For a vertical, such as a stained glass dial, the 12 o'clock line is
normally vertical, the top of the dial horizontal and you need to find another
horizontal line normal to the window, such as a wall. Measure the angles, in the
picture, between these lines, apply one of my formulae and you get the scale
factors. You can now easily reverse engineer the dial.
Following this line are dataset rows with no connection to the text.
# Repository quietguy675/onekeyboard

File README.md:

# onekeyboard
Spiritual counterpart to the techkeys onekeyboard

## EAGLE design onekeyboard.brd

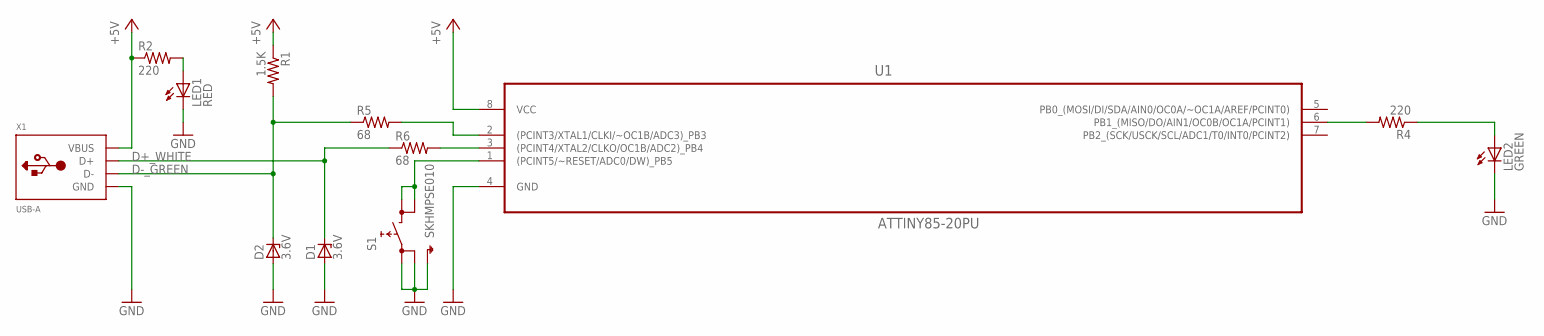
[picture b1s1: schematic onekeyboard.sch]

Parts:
D1, D2: 3.6V; DO41Z10
LED1: RED; LED5MM
LED2: GREEN; LED5MM
R1: 1.5K; 0204/5
R2, R4: 220; 0204/5
R5, R6: 68; R0402
S1: SKHMPSE010; SKHMPXE010
U1: ATTINY85-20PU; DIP254P762X533-8
X1: USB-A; MOLEX_480371000

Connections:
+5V: R1.1, R2.1, U1.8 (VCC), X1.1 (VBUS)
D+_WHITE: D1.C, R6.1, X1.3 (D+)
D-_GREEN: D2.C, R1.2, R5.1, X1.2 (D-)
GND: D1.A, D2.A, LED1.K (C), LED2.K (C), S1.1 (1.1), S1.2 (1.2), S1.5 (SH), U1.4 (GND), X1.4 (GND)
unnamed: R5.2, U1.2 ((PCINT3/XTAL1/CLKI/~OC1B/ADC3)_PB3)
unnamed: R6.2, U1.3 ((PCINT4/XTAL2/CLKO/OC1B/ADC2)_PB4)
unnamed: S1.3 (2.1), S1.4 (2.2), U1.1 ((PCINT5/~RESET/ADC0/DW)_PB5)
unnamed: R4.2, U1.6 (PB1_(MISO/DO/AIN1/OC0B/OC1A/PCINT1))
unnamed: LED2.A, R4.1
unnamed: LED1.A, R2.2

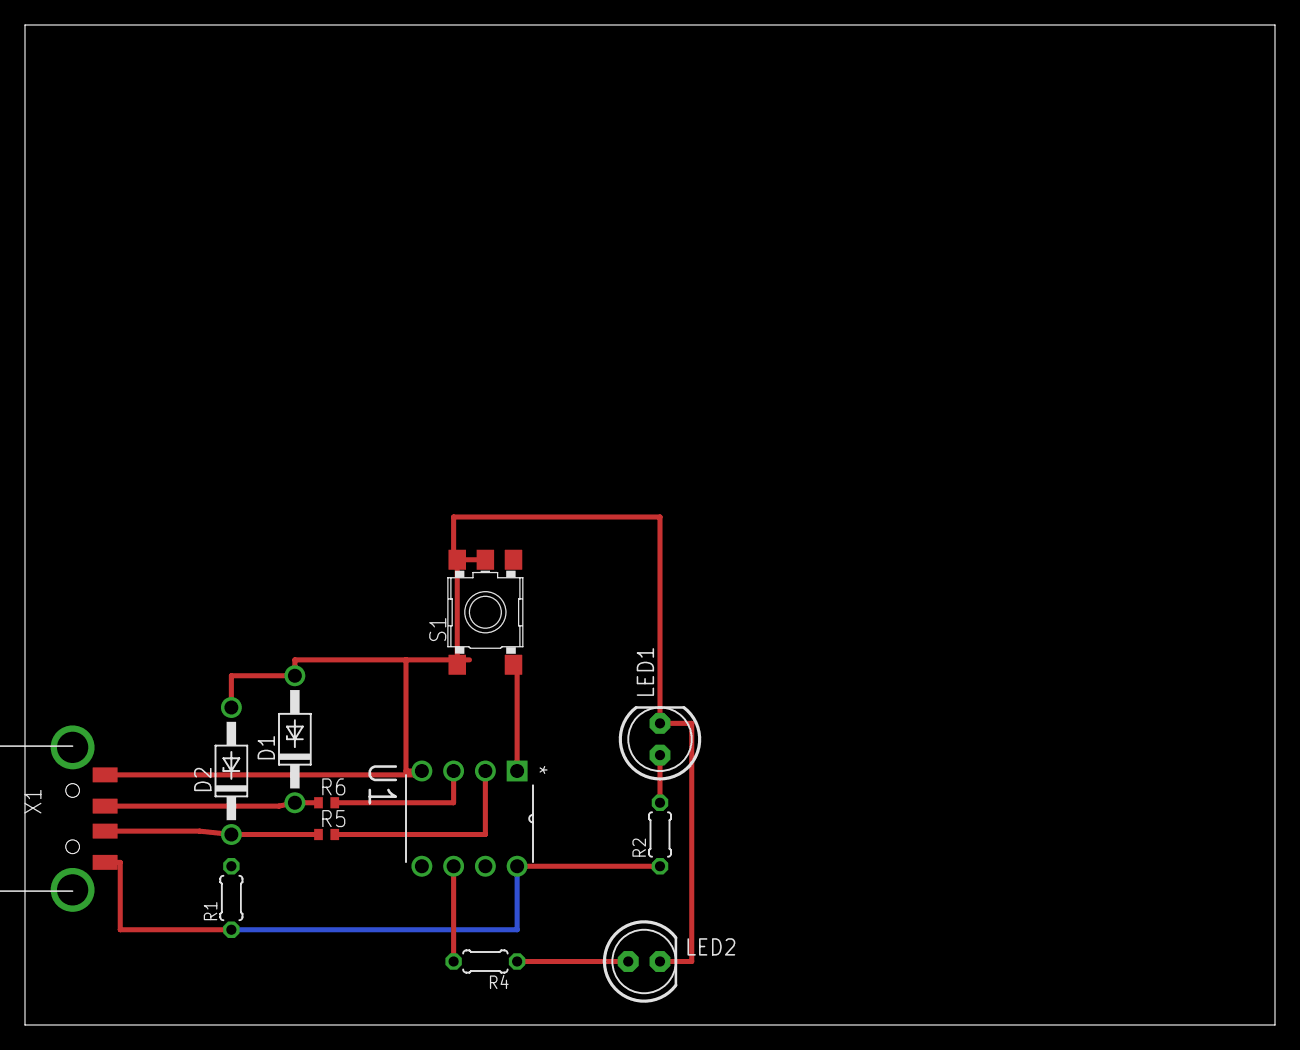
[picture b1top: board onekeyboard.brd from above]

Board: 2 copper layers, 100.0 x 80.0 mm, 12 parts (0 on the bottom side), 10 nets.

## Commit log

2017-01-05 Added schematic and board layout

I found the equations from first principles. They are
very simple, so probably well-known. In fact, I can offer two sets of
equations. The first give the relative scale factors by which perspective has
reduced dimensions in each direction. The second are slightly more complex but
give the true scale factors.
First, the maths for the simplest case: Given a point O at
which three equal-length orthogonal lines OA, OB and OC meet,
their apparent lengths in a perspective picture are in the
proportions:
OA/sqrt(sin(2*BOC)) = OB/sqrt(sin(2*COA)) =
OC/sqrt(sin(2*AOB))
or
OA^2 / sin(2*BOC) = OB^2 / sin(2*COA) = OC^2 / sin(2*AOB)
where OA^2 means OA squared, sqrt means square
root, and BOC is the angle in the picture between OB and OC and therefore
opposite OA. If this is greater than 90 degrees, first subtract 90 from it or
subtract it from 180. If greater than 180, first subtract 180.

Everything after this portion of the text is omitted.